The data Start Marker

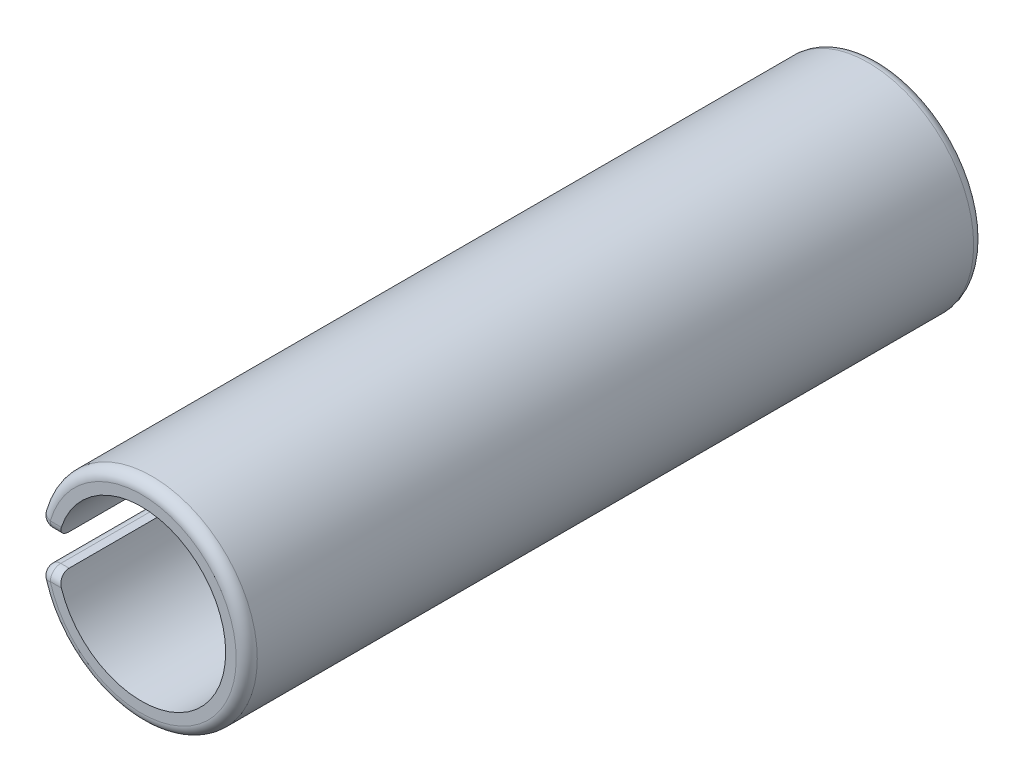
ISO-10303-21;
HEADER;
FILE_DESCRIPTION(('STEP AP214'),'2;1');
FILE_NAME('part.step','',(''),(''),'','','');
FILE_SCHEMA(('AUTOMOTIVE_DESIGN { 1 0 10303 214 1 1 1 1 }'));
ENDSEC;
DATA;
#1=APPLICATION_CONTEXT('core data for automotive mechanical design processes');
#2=APPLICATION_PROTOCOL_DEFINITION('international standard','automotive_design',2000,#1);
#3=PRODUCT_CONTEXT('',#1,'mechanical');
#4=PRODUCT('Part','Part','',(#3));
#5=PRODUCT_RELATED_PRODUCT_CATEGORY('part','',(#4));
#6=PRODUCT_DEFINITION_FORMATION('','',#4);
#7=PRODUCT_DEFINITION_CONTEXT('part definition',#1,'design');
#8=PRODUCT_DEFINITION('design','',#6,#7);
#9=PRODUCT_DEFINITION_SHAPE('','',#8);
#10=(LENGTH_UNIT() NAMED_UNIT(*) SI_UNIT(.MILLI.,.METRE.));
#11=(NAMED_UNIT(*) PLANE_ANGLE_UNIT() SI_UNIT($,.RADIAN.));
#12=(NAMED_UNIT(*) SI_UNIT($,.STERADIAN.) SOLID_ANGLE_UNIT());
#13=UNCERTAINTY_MEASURE_WITH_UNIT(LENGTH_MEASURE(1.E-05),#10,'distance_accuracy_value','');
#14=(GEOMETRIC_REPRESENTATION_CONTEXT(3) GLOBAL_UNCERTAINTY_ASSIGNED_CONTEXT((#13)) GLOBAL_UNIT_ASSIGNED_CONTEXT((#10,
#11,#12)) REPRESENTATION_CONTEXT('',''));
#15=CARTESIAN_POINT('',(0.,0.,0.));
#16=DIRECTION('',(0.,0.,1.));
#17=DIRECTION('',(1.,0.,0.));
#18=AXIS2_PLACEMENT_3D('',#15,#16,#17);
#19=CARTESIAN_POINT('',(0.,0.,7.));
#20=DIRECTION('',(0.,0.,-1.));
#21=DIRECTION('',(-1.,0.,0.));
#22=AXIS2_PLACEMENT_3D('',#19,#20,#21);
#23=CYLINDRICAL_SURFACE('',#22,0.8);
#24=CARTESIAN_POINT('',(0.,0.,0.));
#25=DIRECTION('',(0.,0.,-1.));
#26=DIRECTION('',(1.,0.,0.));
#27=AXIS2_PLACEMENT_3D('',#24,#25,#26);
#28=CIRCLE('',#27,0.8);
#29=CARTESIAN_POINT('',(-0.760178574143633,0.249255963645713,0.));
#30=VERTEX_POINT('',#29);
#31=CARTESIAN_POINT('',(-0.760178574143633,-0.249255963645713,0.));
#32=VERTEX_POINT('',#31);
#33=EDGE_CURVE('E174',#30,#32,#28,.T.);
#34=ORIENTED_EDGE('',*,*,#33,.T.);
#35=CARTESIAN_POINT('',(-0.760178574143633,-0.249255963645713,0.));
#36=CARTESIAN_POINT('',(-0.762034373791151,-0.243604474789476,-4.7820848283987E-06));
#37=CARTESIAN_POINT('',(-0.763823178565598,-0.237927979630275,0.000480037589871912));
#38=CARTESIAN_POINT('',(-0.767233274198211,-0.226685985508127,0.00241954308053262));
#39=CARTESIAN_POINT('',(-0.768854405144669,-0.221120596515532,0.00387514506420562));
#40=CARTESIAN_POINT('',(-0.771894485921598,-0.210264215201868,0.0077500325985201));
#41=CARTESIAN_POINT('',(-0.773313098861837,-0.204973689204183,0.0101708990791594));
#42=CARTESIAN_POINT('',(-0.775924117107872,-0.194856335965049,0.0159227912264894));
#43=CARTESIAN_POINT('',(-0.777116713803933,-0.190029118120206,0.0192530409420635));
#44=CARTESIAN_POINT('',(-0.779233676422341,-0.181149384419126,0.0266154372358896));
#45=CARTESIAN_POINT('',(-0.780165518525607,-0.177076745138274,0.0306211660890916));
#46=CARTESIAN_POINT('',(-0.781813172122858,-0.169654519644624,0.0392954440572709));
#47=CARTESIAN_POINT('',(-0.782528934773591,-0.16630509695854,0.0439641426817826));
#48=CARTESIAN_POINT('',(-0.783734761683959,-0.160525191894378,0.053691497308988));
#49=CARTESIAN_POINT('',(-0.784230415587064,-0.158072270501017,0.058736160579526));
#50=CARTESIAN_POINT('',(-0.785032130913807,-0.154041587974791,0.0691757131598106));
#51=CARTESIAN_POINT('',(-0.785338352374946,-0.152463088225739,0.0745703025734654));
#52=CARTESIAN_POINT('',(-0.785681991062046,-0.150679308070071,0.0833387267293841));
#53=CARTESIAN_POINT('',(-0.785777983935699,-0.150177071738878,0.0866528138086198));
#54=CARTESIAN_POINT('',(-0.785905612550893,-0.149507217659062,0.0933107620777523));
#55=CARTESIAN_POINT('',(-0.785937345921645,-0.149339092304195,0.0966545703366233));
#56=CARTESIAN_POINT('',(-0.785937500001154,-0.149339365519078,0.0999999999998808));
#57=B_SPLINE_CURVE_WITH_KNOTS('',3,(#35,#36,#37,#38,#39,#40,#41,#42,#43,#44,#45,#46,#47,#48,#49,
#50,#51,#52,#53,#54,#55,#56),.UNSPECIFIED.,.F.,.F.,(4,2,2,2,2,2,2,2,2,2,4),(0.,
0.0178294334925496,0.0356757172196497,0.0535513508143839,0.0714117790399948,0.0886900227768253,
0.105972169220704,0.122786073025214,0.139585752533472,0.149629758237893,0.159658492640139),.UNSPECIFIED.);
#58=CARTESIAN_POINT('',(-0.7859375,-0.149339365519444,0.1));
#59=VERTEX_POINT('',#58);
#60=EDGE_CURVE('E125',#32,#59,#57,.T.);
#61=ORIENTED_EDGE('',*,*,#60,.T.);
#62=DIRECTION('',(0.,0.,-1.));
#63=VECTOR('',#62,1.);
#64=CARTESIAN_POINT('',(-0.7859375,-0.149339365519444,7.));
#65=LINE('',#64,#63);
#66=CARTESIAN_POINT('',(-0.7859375,-0.149339365519444,6.9));
#67=VERTEX_POINT('',#66);
#68=EDGE_CURVE('E135',#67,#59,#65,.T.);
#69=ORIENTED_EDGE('',*,*,#68,.F.);
#70=CARTESIAN_POINT('',(-0.7859375,-0.149339365519444,6.9));
#71=CARTESIAN_POINT('',(-0.785936806785317,-0.149334224008504,6.905541611609));
#72=CARTESIAN_POINT('',(-0.785850059611193,-0.149799408980577,6.91108159940369));
#73=CARTESIAN_POINT('',(-0.785499326025954,-0.151632360406898,6.92199870590505));
#74=CARTESIAN_POINT('',(-0.785235525003097,-0.152999182755589,6.92737598882708));
#75=CARTESIAN_POINT('',(-0.784525422446089,-0.156598245657927,6.93782250829476));
#76=CARTESIAN_POINT('',(-0.784079043573676,-0.158830852929112,6.94289161325266));
#77=CARTESIAN_POINT('',(-0.78299556306561,-0.164088917115056,6.95257691781072));
#78=CARTESIAN_POINT('',(-0.782358483913237,-0.167114280559805,6.95719317071633));
#79=CARTESIAN_POINT('',(-0.780883702730964,-0.173875258386546,6.96586339672639));
#80=CARTESIAN_POINT('',(-0.780045272172356,-0.177613441532789,6.96991524158251));
#81=CARTESIAN_POINT('',(-0.77816568728146,-0.185675157011518,6.97733105900853));
#82=CARTESIAN_POINT('',(-0.777124514046398,-0.18999874391284,6.98069496737845));
#83=CARTESIAN_POINT('',(-0.774826156995347,-0.199165898078559,6.98669912228384));
#84=CARTESIAN_POINT('',(-0.773565986501359,-0.204016251629827,6.98932784268251));
#85=CARTESIAN_POINT('',(-0.770853271575422,-0.214037758467675,6.99374036827858));
#86=CARTESIAN_POINT('',(-0.7694007034289,-0.219208951258462,6.99552406919622));
#87=CARTESIAN_POINT('',(-0.766672943352768,-0.228540168507746,6.9979169800578));
#88=CARTESIAN_POINT('',(-0.76543114068079,-0.232666569686373,6.9986999645841));
#89=CARTESIAN_POINT('',(-0.762864086549483,-0.2409511004721,6.99974144747287));
#90=CARTESIAN_POINT('',(-0.761538993327098,-0.245109157468912,7.00000091112432));
#91=CARTESIAN_POINT('',(-0.760178574143787,-0.249255963645637,7.00000000000047));
#92=B_SPLINE_CURVE_WITH_KNOTS('',3,(#70,#71,#72,#73,#74,#75,#76,#77,#78,#79,#80,#81,#82,#83,#84,
#85,#86,#87,#88,#89,#90,#91),.UNSPECIFIED.,.F.,.F.,(4,2,2,2,2,2,2,2,2,2,4),(0.,
0.016602299121161,0.0331872414915355,0.0497792163752727,0.0663692358598374,0.0830202104396774,
0.0996727382221756,0.116573323063502,0.133475992981086,0.146583998529851,0.15966781283933),.UNSPECIFIED.);
#93=CARTESIAN_POINT('',(-0.760178574143633,-0.249255963645713,7.));
#94=VERTEX_POINT('',#93);
#95=EDGE_CURVE('E139',#67,#94,#92,.T.);
#96=ORIENTED_EDGE('',*,*,#95,.T.);
#97=CARTESIAN_POINT('',(0.,0.,7.));
#98=DIRECTION('',(0.,0.,-1.));
#99=DIRECTION('',(1.,0.,0.));
#100=AXIS2_PLACEMENT_3D('',#97,#98,#99);
#101=CIRCLE('',#100,0.8);
#102=CARTESIAN_POINT('',(-0.760178574143633,0.249255963645713,7.));
#103=VERTEX_POINT('',#102);
#104=EDGE_CURVE('E179',#103,#94,#101,.T.);
#105=ORIENTED_EDGE('',*,*,#104,.F.);
#106=CARTESIAN_POINT('',(-0.760178574143633,0.249255963645713,7.));
#107=CARTESIAN_POINT('',(-0.762034373791152,0.243604474789476,7.00000478208483));
#108=CARTESIAN_POINT('',(-0.763823178565598,0.237927979630276,6.99951996241013));
#109=CARTESIAN_POINT('',(-0.767233274198211,0.226685985508128,6.99758045691947));
#110=CARTESIAN_POINT('',(-0.768854405144669,0.221120596515532,6.99612485493579));
#111=CARTESIAN_POINT('',(-0.771894485921598,0.210264215201868,6.99224996740148));
#112=CARTESIAN_POINT('',(-0.773313098861837,0.204973689204183,6.98982910092084));
#113=CARTESIAN_POINT('',(-0.775924117107872,0.194856335965049,6.98407720877351));
#114=CARTESIAN_POINT('',(-0.777116713803933,0.190029118120207,6.98074695905794));
#115=CARTESIAN_POINT('',(-0.779233676422341,0.181149384419126,6.97338456276411));
#116=CARTESIAN_POINT('',(-0.780165518525607,0.177076745138275,6.96937883391091));
#117=CARTESIAN_POINT('',(-0.781813172122858,0.169654519644625,6.96070455594273));
#118=CARTESIAN_POINT('',(-0.782528934773591,0.16630509695854,6.95603585731822));
#119=CARTESIAN_POINT('',(-0.783734761683959,0.160525191894378,6.94630850269101));
#120=CARTESIAN_POINT('',(-0.784230415587063,0.158072270501017,6.94126383942047));
#121=CARTESIAN_POINT('',(-0.785032130913807,0.154041587974791,6.93082428684019));
#122=CARTESIAN_POINT('',(-0.785338352374946,0.152463088225739,6.92542969742654));
#123=CARTESIAN_POINT('',(-0.785681991062046,0.150679308070071,6.91666127327062));
#124=CARTESIAN_POINT('',(-0.785777983935699,0.150177071738878,6.91334718619138));
#125=CARTESIAN_POINT('',(-0.785905612550893,0.149507217659062,6.90668923792225));
#126=CARTESIAN_POINT('',(-0.785937345921645,0.149339092304195,6.90334542966338));
#127=CARTESIAN_POINT('',(-0.785937500001153,0.149339365519078,6.90000000000012));
#128=B_SPLINE_CURVE_WITH_KNOTS('',3,(#106,#107,#108,#109,#110,#111,#112,#113,#114,#115,#116,
#117,#118,#119,#120,#121,#122,#123,#124,#125,#126,#127),.UNSPECIFIED.,.F.,.F.,(4,2,2,2,2,2,2,2,
2,2,4),(0.,0.0178294334925495,0.0356757172196494,0.0535513508143829,0.0714117790399941,
0.0886900227768252,0.105972169220703,0.122786073025214,0.139585752533472,0.149629758237893,
0.159658492640139),.UNSPECIFIED.);
#129=CARTESIAN_POINT('',(-0.7859375,0.149339365519444,6.9));
#130=VERTEX_POINT('',#129);
#131=EDGE_CURVE('E205',#103,#130,#128,.T.);
#132=ORIENTED_EDGE('',*,*,#131,.T.);
#133=DIRECTION('',(0.,0.,-1.));
#134=VECTOR('',#133,1.);
#135=CARTESIAN_POINT('',(-0.7859375,0.149339365519444,7.));
#136=LINE('',#135,#134);
#137=CARTESIAN_POINT('',(-0.7859375,0.149339365519444,0.1));
#138=VERTEX_POINT('',#137);
#139=EDGE_CURVE('E185',#130,#138,#136,.T.);
#140=ORIENTED_EDGE('',*,*,#139,.T.);
#141=CARTESIAN_POINT('',(-0.7859375,0.149339365519444,0.1));
#142=CARTESIAN_POINT('',(-0.785936806785317,0.149334224008504,0.0944583883910013));
#143=CARTESIAN_POINT('',(-0.785850059611193,0.149799408980578,0.088918400596316));
#144=CARTESIAN_POINT('',(-0.785499326025954,0.151632360406898,0.0780012940949516));
#145=CARTESIAN_POINT('',(-0.785235525003097,0.152999182755589,0.0726240111729203));
#146=CARTESIAN_POINT('',(-0.784525422446089,0.156598245657927,0.0621774917052396));
#147=CARTESIAN_POINT('',(-0.784079043573676,0.158830852929112,0.057108386747343));
#148=CARTESIAN_POINT('',(-0.782995563065611,0.164088917115055,0.0474230821892813));
#149=CARTESIAN_POINT('',(-0.782358483913237,0.167114280559804,0.0428068292836715));
#150=CARTESIAN_POINT('',(-0.780883702730965,0.173875258386546,0.0341366032736137));
#151=CARTESIAN_POINT('',(-0.780045272172356,0.177613441532789,0.0300847584174928));
#152=CARTESIAN_POINT('',(-0.77816568728146,0.185675157011518,0.0226689409914739));
#153=CARTESIAN_POINT('',(-0.777124514046398,0.18999874391284,0.0193050326215479));
#154=CARTESIAN_POINT('',(-0.774826156995347,0.199165898078559,0.0133008777161637));
#155=CARTESIAN_POINT('',(-0.773565986501359,0.204016251629827,0.0106721573174859));
#156=CARTESIAN_POINT('',(-0.770853271575422,0.214037758467675,0.00625963172141697));
#157=CARTESIAN_POINT('',(-0.7694007034289,0.219208951258462,0.00447593080378067));
#158=CARTESIAN_POINT('',(-0.766672943352768,0.228540168507746,0.00208301994220113));
#159=CARTESIAN_POINT('',(-0.76543114068079,0.232666569686373,0.00130003541589759));
#160=CARTESIAN_POINT('',(-0.762864086549483,0.2409511004721,0.000258552527129145));
#161=CARTESIAN_POINT('',(-0.761538993327098,0.245109157468912,-9.11124322942692E-07));
#162=CARTESIAN_POINT('',(-0.760178574143787,0.249255963645637,-4.70918247226681E-13));
#163=B_SPLINE_CURVE_WITH_KNOTS('',3,(#141,#142,#143,#144,#145,#146,#147,#148,#149,#150,#151,
#152,#153,#154,#155,#156,#157,#158,#159,#160,#161,#162),.UNSPECIFIED.,.F.,.F.,(4,2,2,2,2,2,2,2,
2,2,4),(0.,0.0166022991211599,0.0331872414915352,0.0497792163752728,0.0663692358598367,
0.0830202104396773,0.0996727382221752,0.116573323063502,0.133475992981086,0.146583998529851,
0.15966781283933),.UNSPECIFIED.);
#164=EDGE_CURVE('E228',#138,#30,#163,.T.);
#165=ORIENTED_EDGE('',*,*,#164,.T.);
#166=EDGE_LOOP('',(#34,#61,#69,#96,#105,#132,#140,#165));
#167=FACE_BOUND('',#166,.T.);
#168=ADVANCED_FACE('F33',(#167),#23,.F.);
#169=CARTESIAN_POINT('',(-0.865023226150975,-0.149597057973271,7.));
#170=DIRECTION('',(0.00325837668062549,-0.999994691476613,0.));
#171=DIRECTION('',(0.999994691476613,0.00325837668062549,0.));
#172=AXIS2_PLACEMENT_3D('',#169,#170,#171);
#173=PLANE('',#172);
#174=ORIENTED_EDGE('',*,*,#68,.T.);
#175=DIRECTION('',(-0.999994691476613,-0.00325837668062549,0.));
#176=VECTOR('',#175,1.);
#177=CARTESIAN_POINT('',(-0.865023226150975,-0.149597057973271,0.1));
#178=LINE('',#177,#176);
#179=CARTESIAN_POINT('',(-0.865023226150975,-0.149597057973271,0.1));
#180=VERTEX_POINT('',#179);
#181=EDGE_CURVE('E134',#59,#180,#178,.T.);
#182=ORIENTED_EDGE('',*,*,#181,.T.);
#183=DIRECTION('',(0.,0.,-1.));
#184=VECTOR('',#183,1.);
#185=CARTESIAN_POINT('',(-0.865023226150975,-0.149597057973271,7.));
#186=LINE('',#185,#184);
#187=CARTESIAN_POINT('',(-0.865023226150975,-0.149597057973271,6.9));
#188=VERTEX_POINT('',#187);
#189=EDGE_CURVE('E119',#188,#180,#186,.T.);
#190=ORIENTED_EDGE('',*,*,#189,.F.);
#191=DIRECTION('',(-0.999994691476613,-0.00325837668062549,0.));
#192=VECTOR('',#191,1.);
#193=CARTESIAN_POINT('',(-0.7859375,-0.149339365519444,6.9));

The data End Marker

**Task to carry out:**
Write out only the lines that run from the line containing "#132=ORIENTED_EDGE('',*,*,#131,.T.);" through the line containing "#141=CARTESIAN_POINT('',(-0.7859375,0.149339365519444,0.1));", both included, exactly as they appear above.

**Response to this exercise:**
#132=ORIENTED_EDGE('',*,*,#131,.T.);
#133=DIRECTION('',(0.,0.,-1.));
#134=VECTOR('',#133,1.);
#135=CARTESIAN_POINT('',(-0.7859375,0.149339365519444,7.));
#136=LINE('',#135,#134);
#137=CARTESIAN_POINT('',(-0.7859375,0.149339365519444,0.1));
#138=VERTEX_POINT('',#137);
#139=EDGE_CURVE('E185',#130,#138,#136,.T.);
#140=ORIENTED_EDGE('',*,*,#139,.T.);
#141=CARTESIAN_POINT('',(-0.7859375,0.149339365519444,0.1));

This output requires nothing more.